Recently I blogged about creating health-check monitoring endpoints in your application even when its deployed in production and pinging them periodically. These are kind of like auto-tests, but they live far into the ALM – way beyond Dev and Testing. They still live in Production.
The intention is that these tests can (if required) perform some quite advanced testing, but they do so in a way that doesn’t strain the system, and really doesn’t leak any info to the caller. This is important as these endpoints will probably be publicly available, although at an unpublished URL. Even so, if someone can find them, they will find them, so I think it’s wise to ensure that if someone did find the URL and called it, that it really reveals almost nothing so they don’t get too excited about it.

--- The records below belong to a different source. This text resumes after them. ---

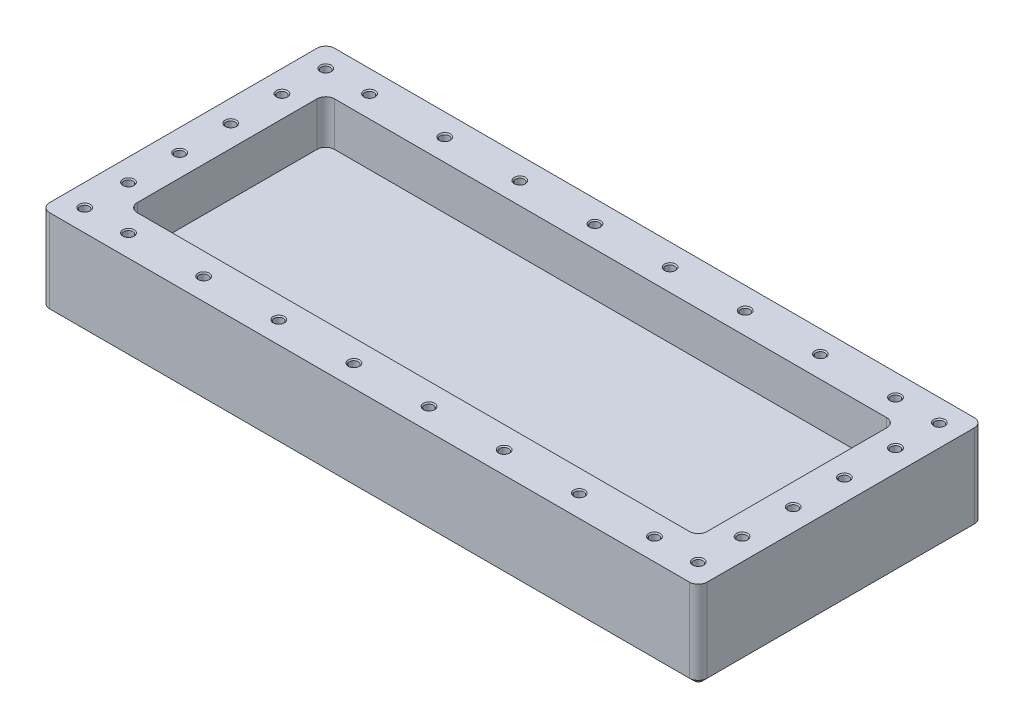
from build123d import *

# Parameters (mm, degrees)
SKETCH1_W                     = 150
SKETCH1_H                     = 65
BOSS_EXTRUDE1_DEPTH           = 20
SKETCH4_W                     = 130
SKETCH4_H                     = 45
CUT_EXTRUDE1_DEPTH            = 10
M2_5_TAPPED_HOLE1_D           = 2.05
M2_5_TAPPED_HOLE1_DEPTH       = 8
M2_5_TAPPED_HOLE1_CSINK_D     = 2.55
M2_5_TAPPED_HOLE1_CSINK_ANGLE = 90
M2_5_TAPPED_HOLE1_TIP         = 0.615882135
FILLET1_R                     = 2
FILLET2_R                     = 2
M2_5_TAPPED_HOLE2_D           = 2.05
M2_5_TAPPED_HOLE2_DEPTH       = 8
M2_5_TAPPED_HOLE2_CSINK_D     = 2.55
M2_5_TAPPED_HOLE2_CSINK_ANGLE = 90
M2_5_TAPPED_HOLE2_TIP         = 0.615882135
CHAMFER1_SIZE                 = 1


with BuildPart() as part:
    # Sketch1 → Boss-Extrude1 (new body)
    with BuildSketch(Plane(origin=(0, 0, 0), x_dir=(1, 0, 0), z_dir=(0, 1, 0))):
        Rectangle(SKETCH1_W, SKETCH1_H)
    extrude(amount=BOSS_EXTRUDE1_DEPTH)

    # Sketch3 → 1/8 NPT Tapped Hole1 (revolve, cut)
    with BuildSketch(Plane(origin=(60, 0, 0), x_dir=(0, 0, -1), z_dir=(1, 0, 0))):
        Polygon((0, 0), (0, 20), (4.2164, 20), (4.2164, 6.92), (4.537398933, 6.92), (4.744593, 0), align=None)
    revolve(axis=Axis((60, -6.35, 0), (0, 1, 0)), mode=Mode.SUBTRACT)

    # Sketch4 → Cut-Extrude1 (cut)
    with BuildSketch(Plane(origin=(0, 20, 0), x_dir=(1, 0, 0), z_dir=(0, 1, 0))):
        Rectangle(SKETCH4_W, SKETCH4_H)
    extrude(amount=-CUT_EXTRUDE1_DEPTH, mode=Mode.SUBTRACT)

    # M2.5 Tapped Hole1
    with Locations(Plane(origin=(-70, 20, -17.5), x_dir=(0, 0, 1), z_dir=(0, 1, 0))):
        with Locations((0, 0), (11.666666667, 0), (23.333333333, 0), (35, 0), (45, 10), (45, 27.142857143), (45, 44.285714286), (45, 61.428571429), (45, 78.571428571), (45, 95.714285714), (45, 112.857142857), (45, 130), (-10, 10), (-10, 27.142857143), (-10, 44.285714286), (-10, 61.428571429), (-10, 78.571428571), (-10, 95.714285714), (-10, 112.857142857), (-10, 130), (0, 140), (11.666666667, 140), (23.333333333, 140), (35, 140), (-10, 140), (45, 140), (-10, 0), (45, 0)):
            CounterSinkHole(M2_5_TAPPED_HOLE1_D / 2, M2_5_TAPPED_HOLE1_CSINK_D / 2, depth=M2_5_TAPPED_HOLE1_DEPTH, counter_sink_angle=M2_5_TAPPED_HOLE1_CSINK_ANGLE)
            with Locations((0, 0, -(M2_5_TAPPED_HOLE1_DEPTH + M2_5_TAPPED_HOLE1_TIP / 2))):  # 118° drill point
                Cone(0, M2_5_TAPPED_HOLE1_D / 2, M2_5_TAPPED_HOLE1_TIP, mode=Mode.SUBTRACT)

    # Fillet1
    fillet1_edges = [part.edges().sort_by_distance(p)[0] for p in [
        (-75, 10, -32.5),
        (75, 10, -32.5),
        (75, 10, 32.5),
        (-75, 10, 32.5),
    ]]
    fillet(fillet1_edges, radius=FILLET1_R)

    # Fillet2
    fillet2_edges = [part.edges().sort_by_distance(p)[0] for p in [
        (-65, 15, -22.5),
        (65, 15, -22.5),
        (65, 15, 22.5),
        (-65, 15, 22.5),
    ]]
    fillet(fillet2_edges, radius=FILLET2_R)

    # M2.5 Tapped Hole2
    with Locations(Plane(origin=(-42.75, 0, 7), x_dir=(0, 0, -1), z_dir=(0, -1, 0))):
        with Locations((0, 0), (0, 55.5), (14, 0), (14, 55.5)):
            CounterSinkHole(M2_5_TAPPED_HOLE2_D / 2, M2_5_TAPPED_HOLE2_CSINK_D / 2, depth=M2_5_TAPPED_HOLE2_DEPTH, counter_sink_angle=M2_5_TAPPED_HOLE2_CSINK_ANGLE)
            with Locations((0, 0, -(M2_5_TAPPED_HOLE2_DEPTH + M2_5_TAPPED_HOLE2_TIP / 2))):  # 118° drill point
                Cone(0, M2_5_TAPPED_HOLE2_D / 2, M2_5_TAPPED_HOLE2_TIP, mode=Mode.SUBTRACT)

    # Chamfer1
    chamfer1_edges = [part.edges().sort_by_distance(p)[0] for p in [
        (0, 0, -32.5),
        (-75, 0, 0),
        (75, 0, 0),
        (0, 0, 32.5),
        (-74.414213562, 0, -31.914213562),
        (-74.414213562, 0, 31.914213562),
        (74.414213562, 0, 31.914213562),
        (74.414213562, 0, -31.914213562),
    ]]
    chamfer(chamfer1_edges, length=CHAMFER1_SIZE)


solid = part.part

So creating the endpoint and exposing it is relatively easy, however what should the service be that pings your endpoint. Requirements should be:
- its a secure service.
- logs recent results
- alerts you when things go wrong.
- alerts you when things are back on track.
- is a fault tolerant service (you don’t want to find you lost all your jobs).
- It has a reasonable SLA of availability – it would be just your luck to find the pinging service is down for 5 hours at the same time your production site is. In that case you’ll hear about it from your users first.
I’ve investigated now 3 services that can do the pinging for me:
- Azure VM management – custom endpoint for a URL on that VM
- Azure Scheduler – a new base IAAS offering from MS that allows me to schedule anything and call a URL.
- SetCronJob.com – an external 3rd party service, with dead easy setup and amazing pricing.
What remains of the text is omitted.